Looking at this, I think the following attributes would be worth using in a model. I included in square brackets any pre-processing we'd have to do.

* has_extended_profile
* profile_use_background_image
* profile_background_image_url_https [consider categorical: equal to theme1, theme14, NaN, or other]
* verified
* profile_text_color [consider categorical: either equal to 333333 or not]
* profile_sidebar_fill_color [consider categorical: either equal to DDEEF6 or not]
* followers_count
* profile_sidebar_border_color [consider categorical: either equal to C0DEED, FFFFFF, 000000, or other]
* profile_background_color [categorical: equal to C0DEED, F5F8FA, 000000, or other]
* listed_count
* utc_offset [categorical?
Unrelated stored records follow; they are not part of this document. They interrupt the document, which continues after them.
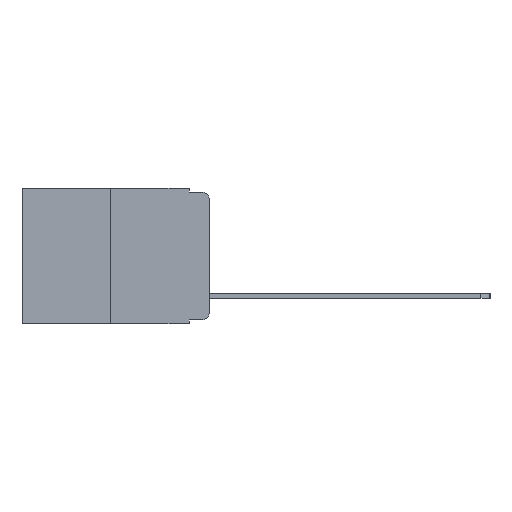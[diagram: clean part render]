
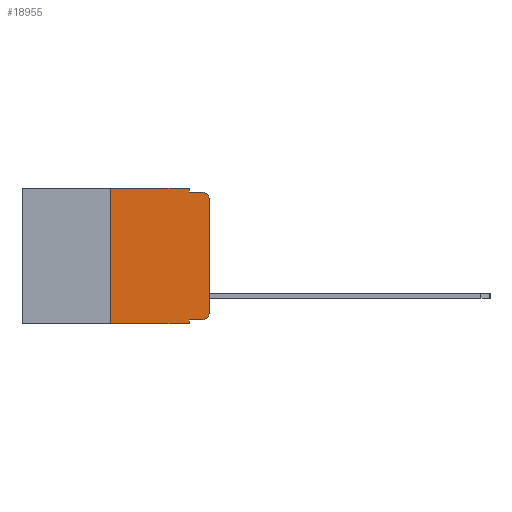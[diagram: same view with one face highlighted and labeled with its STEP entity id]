
A CAD part, left-side view. The second image highlights one B-rep face of the part: STEP entity #18955.
In plain terms, the highlighted planar face has unit normal (-1, 0, 0).
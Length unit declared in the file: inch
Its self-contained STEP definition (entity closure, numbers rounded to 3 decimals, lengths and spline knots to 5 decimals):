
#160 = EDGE_CURVE ( 'NONE', #18477, #8566, #11570, .T. ) ;
#280 = ORIENTED_EDGE ( 'NONE', *, *, #5125, .F. ) ;
#406 = CARTESIAN_POINT ( 'NONE',  ( 0., 0.02, -0.333 ) ) ;
#607 = VERTEX_POINT ( 'NONE', #9942 ) ;
#866 = EDGE_CURVE ( 'NONE', #18477, #14406, #11731, .T. ) ;
#1052 = CARTESIAN_POINT ( 'NONE',  ( 0., 0.051, 0. ) ) ;
#1264 = LINE ( 'NONE', #17037, #12583 ) ;
#1383 = AXIS2_PLACEMENT_3D ( 'NONE', #10660, #1417, #12183 ) ;
#1417 = DIRECTION ( 'NONE',  ( 1., 0., 0. ) ) ;
#1876 = CARTESIAN_POINT ( 'NONE',  ( 0., 0.25, 0. ) ) ;
#2430 = ORIENTED_EDGE ( 'NONE', *, *, #866, .F. ) ;
#2469 = CARTESIAN_POINT ( 'NONE',  ( 0., 0.051, -0.343 ) ) ;
#2701 = ORIENTED_EDGE ( 'NONE', *, *, #4348, .T. ) ;
#2775 = EDGE_CURVE ( 'NONE', #11645, #14406, #1264, .T. ) ;
#2885 = DIRECTION ( 'NONE',  ( -1., 0., 0. ) ) ;
#3024 = CARTESIAN_POINT ( 'NONE',  ( 0., 0.051, -0.333 ) ) ;
#3067 = EDGE_CURVE ( 'NONE', #11645, #18153, #15687, .T. ) ;
#3343 = EDGE_CURVE ( 'NONE', #13874, #10820, #3532, .T. ) ;
#3375 = ORIENTED_EDGE ( 'NONE', *, *, #2775, .T. ) ;
#3520 = ORIENTED_EDGE ( 'NONE', *, *, #14686, .T. ) ;
#3532 = LINE ( 'NONE', #10385, #10664 ) ;
#3780 = VECTOR ( 'NONE', #16546, 39.37008 ) ;
#3922 = LINE ( 'NONE', #1052, #19023 ) ;
#4144 = DIRECTION ( 'NONE',  ( 0., 0., -1. ) ) ;
#4348 = EDGE_CURVE ( 'NONE', #18399, #10820, #12760, .T. ) ;
#4532 = CARTESIAN_POINT ( 'NONE',  ( 0., 0.051, -0.01 ) ) ;
#4600 = CARTESIAN_POINT ( 'NONE',  ( 0., 0.473, 0. ) ) ;
#4780 = DIRECTION ( 'NONE',  ( 0., 0., -1. ) ) ;
#4846 = ORIENTED_EDGE ( 'NONE', *, *, #3067, .F. ) ;
#5125 = EDGE_CURVE ( 'NONE', #607, #13874, #3922, .T. ) ;
#5207 = EDGE_LOOP ( 'NONE', ( #3520, #2701, #19316, #280, #17384, #4846, #3375, #2430, #10995, #15389 ) ) ;
#5842 = CARTESIAN_POINT ( 'NONE',  ( 0., 0.25, -0.343 ) ) ;
#5911 = DIRECTION ( 'NONE',  ( 0., -1., 0. ) ) ;
#6809 = CARTESIAN_POINT ( 'NONE',  ( 0., 0., -0.313 ) ) ;
#7349 = DIRECTION ( 'NONE',  ( 0., 0., -1. ) ) ;
#8566 = VERTEX_POINT ( 'NONE', #406 ) ;
#8944 = EDGE_CURVE ( 'NONE', #18153, #607, #14959, .T. ) ;
#9230 = DIRECTION ( 'NONE',  ( 0., -1., 0. ) ) ;
#9942 = CARTESIAN_POINT ( 'NONE',  ( 0., 0.051, 0. ) ) ;
#10206 = CIRCLE ( 'NONE', #16532, 0.02 ) ;
#10316 = DIRECTION ( 'NONE',  ( 0., -1., 0. ) ) ;
#10385 = CARTESIAN_POINT ( 'NONE',  ( 0., 0.051, -0.01 ) ) ;
#10660 = CARTESIAN_POINT ( 'NONE',  ( 0., 0.473, 0. ) ) ;
#10664 = VECTOR ( 'NONE', #10316, 39.37008 ) ;
#10820 = VERTEX_POINT ( 'NONE', #11355 ) ;
#10851 = VECTOR ( 'NONE', #19307, 39.37008 ) ;
#10995 = ORIENTED_EDGE ( 'NONE', *, *, #160, .T. ) ;
#11103 = CARTESIAN_POINT ( 'NONE',  ( 0., 0.02, -0.03 ) ) ;
#11260 = VECTOR ( 'NONE', #4144, 39.37008 ) ;
#11355 = CARTESIAN_POINT ( 'NONE',  ( 0., 0.02, -0.01 ) ) ;
#11570 = LINE ( 'NONE', #3024, #18195 ) ;
#11645 = VERTEX_POINT ( 'NONE', #5842 ) ;
#11731 = LINE ( 'NONE', #14376, #11260 ) ;
#12024 = CARTESIAN_POINT ( 'NONE',  ( 0., 0.02, -0.313 ) ) ;
#12183 = DIRECTION ( 'NONE',  ( 0., 0., -1. ) ) ;
#12268 = CARTESIAN_POINT ( 'NONE',  ( 0., 0.051, -0.333 ) ) ;
#12583 = VECTOR ( 'NONE', #17091, 39.37008 ) ;
#12760 = CIRCLE ( 'NONE', #17806, 0.02 ) ;
#13103 = FACE_OUTER_BOUND ( 'NONE', #5207, .T. ) ;
#13345 = EDGE_CURVE ( 'NONE', #8566, #18281, #10206, .T. ) ;
#13507 = DIRECTION ( 'NONE',  ( 0., 0., -1. ) ) ;
#13874 = VERTEX_POINT ( 'NONE', #4532 ) ;
#13890 = DIRECTION ( 'NONE',  ( -1., 0., 0. ) ) ;
#14376 = CARTESIAN_POINT ( 'NONE',  ( 0., 0.051, 0. ) ) ;
#14406 = VERTEX_POINT ( 'NONE', #2469 ) ;
#14686 = EDGE_CURVE ( 'NONE', #18281, #18399, #14740, .T. ) ;
#14740 = LINE ( 'NONE', #15168, #10851 ) ;
#14959 = LINE ( 'NONE', #4600, #18180 ) ;
#15168 = CARTESIAN_POINT ( 'NONE',  ( 0., 0., 0. ) ) ;
#15389 = ORIENTED_EDGE ( 'NONE', *, *, #13345, .T. ) ;
#15687 = LINE ( 'NONE', #17668, #3780 ) ;
#16380 = PLANE ( 'NONE',  #1383 ) ;
#16398 = CARTESIAN_POINT ( 'NONE',  ( 0., 0., -0.03 ) ) ;
#16532 = AXIS2_PLACEMENT_3D ( 'NONE', #12024, #2885, #13507 ) ;
#16546 = DIRECTION ( 'NONE',  ( 0., 0., 1. ) ) ;
#17037 = CARTESIAN_POINT ( 'NONE',  ( 0., 0.473, -0.343 ) ) ;
#17091 = DIRECTION ( 'NONE',  ( 0., -1., 0. ) ) ;
#17384 = ORIENTED_EDGE ( 'NONE', *, *, #8944, .F. ) ;
#17668 = CARTESIAN_POINT ( 'NONE',  ( 0., 0.25, 0. ) ) ;
#17806 = AXIS2_PLACEMENT_3D ( 'NONE', #11103, #13890, #4780 ) ;
#18153 = VERTEX_POINT ( 'NONE', #1876 ) ;
#18180 = VECTOR ( 'NONE', #9230, 39.37008 ) ;
#18195 = VECTOR ( 'NONE', #5911, 39.37008 ) ;
#18281 = VERTEX_POINT ( 'NONE', #6809 ) ;
#18399 = VERTEX_POINT ( 'NONE', #16398 ) ;
#18477 = VERTEX_POINT ( 'NONE', #12268 ) ;
#18955 = ADVANCED_FACE ( 'NONE', ( #13103 ), #16380, .F. ) ;
#19023 = VECTOR ( 'NONE', #7349, 39.37008 ) ;
#19307 = DIRECTION ( 'NONE',  ( 0., 0., 1. ) ) ;
#19316 = ORIENTED_EDGE ( 'NONE', *, *, #3343, .F. ) ;
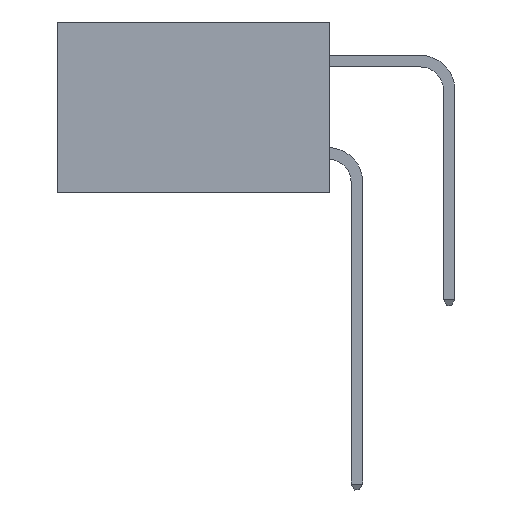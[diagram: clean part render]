
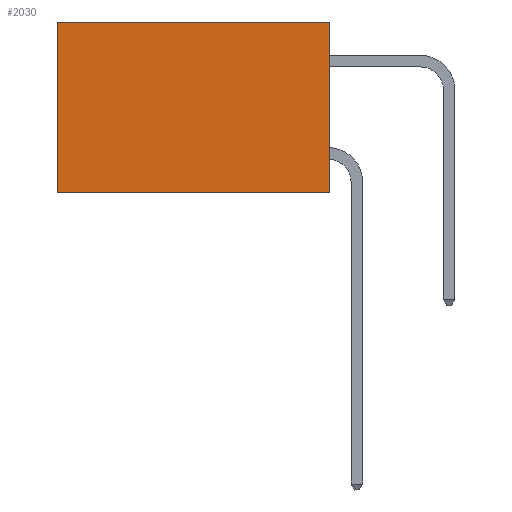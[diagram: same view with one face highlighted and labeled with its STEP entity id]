
A CAD part, left-side view. The second image highlights one B-rep face of the part: STEP entity #2030.
In plain terms, the highlighted planar face has unit normal (-1, 0, 0).
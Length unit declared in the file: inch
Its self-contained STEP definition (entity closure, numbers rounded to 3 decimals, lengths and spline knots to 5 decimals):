
#16 = DIRECTION ( 'NONE',  ( 0., 0., -1. ) ) ;
#44 = VERTEX_POINT ( 'NONE', #9498 ) ;
#328 = LINE ( 'NONE', #9547, #2731 ) ;
#458 = VERTEX_POINT ( 'NONE', #10373 ) ;
#654 = ORIENTED_EDGE ( 'NONE', *, *, #6891, .T. ) ;
#1113 = VERTEX_POINT ( 'NONE', #3459 ) ;
#1202 = AXIS2_PLACEMENT_3D ( 'NONE', #6711, #6529, #6518 ) ;
#1223 = VECTOR ( 'NONE', #2194, 39.37008 ) ;
#1624 = FACE_OUTER_BOUND ( 'NONE', #5115, .T. ) ;
#1980 = CARTESIAN_POINT ( 'NONE',  ( 0.277, 0., -0.37 ) ) ;
#2030 = ADVANCED_FACE ( 'NONE', ( #1624 ), #6573, .F. ) ;
#2194 = DIRECTION ( 'NONE',  ( 0., 1., 0. ) ) ;
#2218 = CARTESIAN_POINT ( 'NONE',  ( 0.277, 0., 0. ) ) ;
#2413 = EDGE_CURVE ( 'NONE', #1113, #2720, #9200, .T. ) ;
#2558 = EDGE_CURVE ( 'NONE', #458, #44, #8402, .T. ) ;
#2635 = EDGE_CURVE ( 'NONE', #1113, #458, #3648, .T. ) ;
#2720 = VERTEX_POINT ( 'NONE', #6168 ) ;
#2731 = VECTOR ( 'NONE', #4291, 39.37008 ) ;
#3428 = VECTOR ( 'NONE', #16, 39.37008 ) ;
#3459 = CARTESIAN_POINT ( 'NONE',  ( 0.277, 0., 0. ) ) ;
#3495 = ORIENTED_EDGE ( 'NONE', *, *, #2413, .T. ) ;
#3589 = CARTESIAN_POINT ( 'NONE',  ( 0.277, 0., -0.37 ) ) ;
#3648 = LINE ( 'NONE', #1980, #3428 ) ;
#4291 = DIRECTION ( 'NONE',  ( 0., 0., -1. ) ) ;
#5115 = EDGE_LOOP ( 'NONE', ( #654, #7301, #9266, #3495 ) ) ;
#6168 = CARTESIAN_POINT ( 'NONE',  ( 0.277, 0.59, 0. ) ) ;
#6518 = DIRECTION ( 'NONE',  ( 0., 0., -1. ) ) ;
#6529 = DIRECTION ( 'NONE',  ( 1., 0., 0. ) ) ;
#6573 = PLANE ( 'NONE',  #1202 ) ;
#6666 = VECTOR ( 'NONE', #8866, 39.37008 ) ;
#6711 = CARTESIAN_POINT ( 'NONE',  ( 0.277, 0., -0.37 ) ) ;
#6891 = EDGE_CURVE ( 'NONE', #2720, #44, #328, .T. ) ;
#7301 = ORIENTED_EDGE ( 'NONE', *, *, #2558, .F. ) ;
#8402 = LINE ( 'NONE', #3589, #6666 ) ;
#8866 = DIRECTION ( 'NONE',  ( 0., 1., 0. ) ) ;
#9200 = LINE ( 'NONE', #2218, #1223 ) ;
#9266 = ORIENTED_EDGE ( 'NONE', *, *, #2635, .F. ) ;
#9498 = CARTESIAN_POINT ( 'NONE',  ( 0.277, 0.59, -0.37 ) ) ;
#9547 = CARTESIAN_POINT ( 'NONE',  ( 0.277, 0.59, -0.37 ) ) ;
#10373 = CARTESIAN_POINT ( 'NONE',  ( 0.277, 0., -0.37 ) ) ;

UTC offset measured in seconds]
* statuses_count
* friends_count
* profile_link_color [categorical: 1DA1F2 or other]
* geo_enabled
* profile_background_image_url [categorical: theme1, NaN, or other]
* lang [categorical: en or other (maybe NaN, es, pt, it, too)]
* profile_background_tile
* favourites_count
* url (NaN or other)
* created at (look at day or week, or at time of day)
* time_zone [categorical: NaN or other]
* default_profile [boolean]

I think withheld_in_countries might also be useful. Not sure.